ACTION ITEM:
Reproduce each line below with no alterations.

MATERIAL FOR THE TASK:
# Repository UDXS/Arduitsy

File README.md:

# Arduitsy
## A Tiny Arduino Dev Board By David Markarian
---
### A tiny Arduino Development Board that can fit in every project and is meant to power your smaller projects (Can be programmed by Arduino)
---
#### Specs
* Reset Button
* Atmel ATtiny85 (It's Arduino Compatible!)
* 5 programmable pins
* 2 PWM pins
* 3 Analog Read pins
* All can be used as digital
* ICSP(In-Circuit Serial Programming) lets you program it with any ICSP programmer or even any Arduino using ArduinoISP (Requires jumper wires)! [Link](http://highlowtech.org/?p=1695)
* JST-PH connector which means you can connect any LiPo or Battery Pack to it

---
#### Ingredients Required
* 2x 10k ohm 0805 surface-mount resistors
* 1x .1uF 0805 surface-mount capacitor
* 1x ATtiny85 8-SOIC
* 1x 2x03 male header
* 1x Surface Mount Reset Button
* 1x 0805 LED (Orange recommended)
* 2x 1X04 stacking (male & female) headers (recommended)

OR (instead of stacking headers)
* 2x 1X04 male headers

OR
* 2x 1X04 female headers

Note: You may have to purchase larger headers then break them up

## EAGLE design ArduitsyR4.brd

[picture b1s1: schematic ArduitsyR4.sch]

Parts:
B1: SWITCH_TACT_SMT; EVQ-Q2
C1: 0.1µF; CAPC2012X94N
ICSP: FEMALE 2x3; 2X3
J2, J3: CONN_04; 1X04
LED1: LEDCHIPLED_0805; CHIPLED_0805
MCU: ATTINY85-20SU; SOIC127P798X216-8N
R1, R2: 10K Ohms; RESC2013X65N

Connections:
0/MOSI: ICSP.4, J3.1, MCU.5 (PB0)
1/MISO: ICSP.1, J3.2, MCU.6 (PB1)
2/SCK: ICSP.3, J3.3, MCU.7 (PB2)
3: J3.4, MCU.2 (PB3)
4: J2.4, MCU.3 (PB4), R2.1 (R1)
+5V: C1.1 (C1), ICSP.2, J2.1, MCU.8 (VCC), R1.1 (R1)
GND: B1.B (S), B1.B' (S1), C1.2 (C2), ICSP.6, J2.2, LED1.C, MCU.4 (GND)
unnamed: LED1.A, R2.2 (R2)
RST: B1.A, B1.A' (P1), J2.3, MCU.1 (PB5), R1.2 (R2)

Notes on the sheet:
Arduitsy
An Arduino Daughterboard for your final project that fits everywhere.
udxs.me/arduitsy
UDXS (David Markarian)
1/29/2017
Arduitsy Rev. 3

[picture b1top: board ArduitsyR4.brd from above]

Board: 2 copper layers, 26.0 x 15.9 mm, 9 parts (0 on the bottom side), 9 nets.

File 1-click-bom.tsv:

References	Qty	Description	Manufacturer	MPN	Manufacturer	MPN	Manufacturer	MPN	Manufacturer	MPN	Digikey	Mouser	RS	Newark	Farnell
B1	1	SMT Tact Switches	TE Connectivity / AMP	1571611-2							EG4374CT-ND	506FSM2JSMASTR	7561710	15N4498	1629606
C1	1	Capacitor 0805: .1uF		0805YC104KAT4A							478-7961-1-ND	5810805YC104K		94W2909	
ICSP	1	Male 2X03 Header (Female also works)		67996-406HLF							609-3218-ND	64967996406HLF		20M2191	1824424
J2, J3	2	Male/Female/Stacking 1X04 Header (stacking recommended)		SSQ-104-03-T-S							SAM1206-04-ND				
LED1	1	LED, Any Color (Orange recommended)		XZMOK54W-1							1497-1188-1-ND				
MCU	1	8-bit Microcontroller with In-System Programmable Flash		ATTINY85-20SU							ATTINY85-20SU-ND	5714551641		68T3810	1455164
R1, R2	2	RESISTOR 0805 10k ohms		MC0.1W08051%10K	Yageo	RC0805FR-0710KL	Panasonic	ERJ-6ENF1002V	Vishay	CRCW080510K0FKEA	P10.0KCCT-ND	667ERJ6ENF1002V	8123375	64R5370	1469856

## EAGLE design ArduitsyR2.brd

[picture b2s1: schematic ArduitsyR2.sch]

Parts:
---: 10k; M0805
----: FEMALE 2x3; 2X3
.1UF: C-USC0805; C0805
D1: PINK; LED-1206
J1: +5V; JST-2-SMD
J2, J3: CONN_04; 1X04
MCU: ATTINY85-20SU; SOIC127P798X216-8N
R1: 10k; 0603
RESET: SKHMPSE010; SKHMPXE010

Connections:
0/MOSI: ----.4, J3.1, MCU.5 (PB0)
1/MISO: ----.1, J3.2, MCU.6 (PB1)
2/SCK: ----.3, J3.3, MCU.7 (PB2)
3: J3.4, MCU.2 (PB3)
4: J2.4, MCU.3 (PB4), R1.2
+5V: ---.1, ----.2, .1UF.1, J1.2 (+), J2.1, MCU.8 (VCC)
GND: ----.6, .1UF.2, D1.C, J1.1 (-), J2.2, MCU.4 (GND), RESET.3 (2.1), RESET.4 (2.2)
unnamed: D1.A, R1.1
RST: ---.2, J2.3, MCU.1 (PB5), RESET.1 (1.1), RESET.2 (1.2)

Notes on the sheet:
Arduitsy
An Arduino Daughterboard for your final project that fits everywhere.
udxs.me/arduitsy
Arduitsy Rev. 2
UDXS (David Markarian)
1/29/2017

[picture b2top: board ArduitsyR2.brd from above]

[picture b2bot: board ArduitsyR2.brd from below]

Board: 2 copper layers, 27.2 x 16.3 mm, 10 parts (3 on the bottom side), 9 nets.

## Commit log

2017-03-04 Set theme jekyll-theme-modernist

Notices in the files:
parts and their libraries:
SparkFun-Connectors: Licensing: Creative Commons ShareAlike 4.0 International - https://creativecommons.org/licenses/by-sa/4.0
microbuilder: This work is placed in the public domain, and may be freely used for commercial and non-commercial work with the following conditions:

REPLY:
# Repository UDXS/Arduitsy

File README.md:

# Arduitsy
## A Tiny Arduino Dev Board By David Markarian
---
### A tiny Arduino Development Board that can fit in every project and is meant to power your smaller projects (Can be programmed by Arduino)
---
#### Specs
* Reset Button
* Atmel ATtiny85 (It's Arduino Compatible!)
* 5 programmable pins
* 2 PWM pins
* 3 Analog Read pins
* All can be used as digital
* ICSP(In-Circuit Serial Programming) lets you program it with any ICSP programmer or even any Arduino using ArduinoISP (Requires jumper wires)! [Link](http://highlowtech.org/?p=1695)
* JST-PH connector which means you can connect any LiPo or Battery Pack to it

---
#### Ingredients Required
* 2x 10k ohm 0805 surface-mount resistors
* 1x .1uF 0805 surface-mount capacitor
* 1x ATtiny85 8-SOIC
* 1x 2x03 male header
* 1x Surface Mount Reset Button
* 1x 0805 LED (Orange recommended)
* 2x 1X04 stacking (male & female) headers (recommended)

OR (instead of stacking headers)
* 2x 1X04 male headers

OR
* 2x 1X04 female headers

Note: You may have to purchase larger headers then break them up

## EAGLE design ArduitsyR4.brd

[picture b1s1: schematic ArduitsyR4.sch]

Parts:
B1: SWITCH_TACT_SMT; EVQ-Q2
C1: 0.1µF; CAPC2012X94N
ICSP: FEMALE 2x3; 2X3
J2, J3: CONN_04; 1X04
LED1: LEDCHIPLED_0805; CHIPLED_0805
MCU: ATTINY85-20SU; SOIC127P798X216-8N
R1, R2: 10K Ohms; RESC2013X65N

Connections:
0/MOSI: ICSP.4, J3.1, MCU.5 (PB0)
1/MISO: ICSP.1, J3.2, MCU.6 (PB1)
2/SCK: ICSP.3, J3.3, MCU.7 (PB2)
3: J3.4, MCU.2 (PB3)
4: J2.4, MCU.3 (PB4), R2.1 (R1)
+5V: C1.1 (C1), ICSP.2, J2.1, MCU.8 (VCC), R1.1 (R1)
GND: B1.B (S), B1.B' (S1), C1.2 (C2), ICSP.6, J2.2, LED1.C, MCU.4 (GND)
unnamed: LED1.A, R2.2 (R2)
RST: B1.A, B1.A' (P1), J2.3, MCU.1 (PB5), R1.2 (R2)

Notes on the sheet:
Arduitsy
An Arduino Daughterboard for your final project that fits everywhere.
udxs.me/arduitsy
UDXS (David Markarian)
1/29/2017
Arduitsy Rev. 3

[picture b1top: board ArduitsyR4.brd from above]

Board: 2 copper layers, 26.0 x 15.9 mm, 9 parts (0 on the bottom side), 9 nets.

File 1-click-bom.tsv:

References	Qty	Description	Manufacturer	MPN	Manufacturer	MPN	Manufacturer	MPN	Manufacturer	MPN	Digikey	Mouser	RS	Newark	Farnell
B1	1	SMT Tact Switches	TE Connectivity / AMP	1571611-2							EG4374CT-ND	506FSM2JSMASTR	7561710	15N4498	1629606
C1	1	Capacitor 0805: .1uF		0805YC104KAT4A							478-7961-1-ND	5810805YC104K		94W2909	
ICSP	1	Male 2X03 Header (Female also works)		67996-406HLF							609-3218-ND	64967996406HLF		20M2191	1824424
J2, J3	2	Male/Female/Stacking 1X04 Header (stacking recommended)		SSQ-104-03-T-S							SAM1206-04-ND				
LED1	1	LED, Any Color (Orange recommended)		XZMOK54W-1							1497-1188-1-ND				
MCU	1	8-bit Microcontroller with In-System Programmable Flash		ATTINY85-20SU							ATTINY85-20SU-ND	5714551641		68T3810	1455164
R1, R2	2	RESISTOR 0805 10k ohms		MC0.1W08051%10K	Yageo	RC0805FR-0710KL	Panasonic	ERJ-6ENF1002V	Vishay	CRCW080510K0FKEA	P10.0KCCT-ND	667ERJ6ENF1002V	8123375	64R5370	1469856

## EAGLE design ArduitsyR2.brd

[picture b2s1: schematic ArduitsyR2.sch]

Parts:
---: 10k; M0805
----: FEMALE 2x3; 2X3
.1UF: C-USC0805; C0805
D1: PINK; LED-1206
J1: +5V; JST-2-SMD
J2, J3: CONN_04; 1X04
MCU: ATTINY85-20SU; SOIC127P798X216-8N
R1: 10k; 0603
RESET: SKHMPSE010; SKHMPXE010

Connections:
0/MOSI: ----.4, J3.1, MCU.5 (PB0)
1/MISO: ----.1, J3.2, MCU.6 (PB1)
2/SCK: ----.3, J3.3, MCU.7 (PB2)
3: J3.4, MCU.2 (PB3)
4: J2.4, MCU.3 (PB4), R1.2
+5V: ---.1, ----.2, .1UF.1, J1.2 (+), J2.1, MCU.8 (VCC)
GND: ----.6, .1UF.2, D1.C, J1.1 (-), J2.2, MCU.4 (GND), RESET.3 (2.1), RESET.4 (2.2)
unnamed: D1.A, R1.1
RST: ---.2, J2.3, MCU.1 (PB5), RESET.1 (1.1), RESET.2 (1.2)

Notes on the sheet:
Arduitsy
An Arduino Daughterboard for your final project that fits everywhere.
udxs.me/arduitsy
Arduitsy Rev. 2
UDXS (David Markarian)
1/29/2017

[picture b2top: board ArduitsyR2.brd from above]

[picture b2bot: board ArduitsyR2.brd from below]

Board: 2 copper layers, 27.2 x 16.3 mm, 10 parts (3 on the bottom side), 9 nets.

## Commit log

2017-03-04 Set theme jekyll-theme-modernist

Notices in the files:
parts and their libraries:
SparkFun-Connectors: Licensing: Creative Commons ShareAlike 4.0 International - https://creativecommons.org/licenses/by-sa/4.0
microbuilder: This work is placed in the public domain, and may be freely used for commercial and non-commercial work with the following conditions:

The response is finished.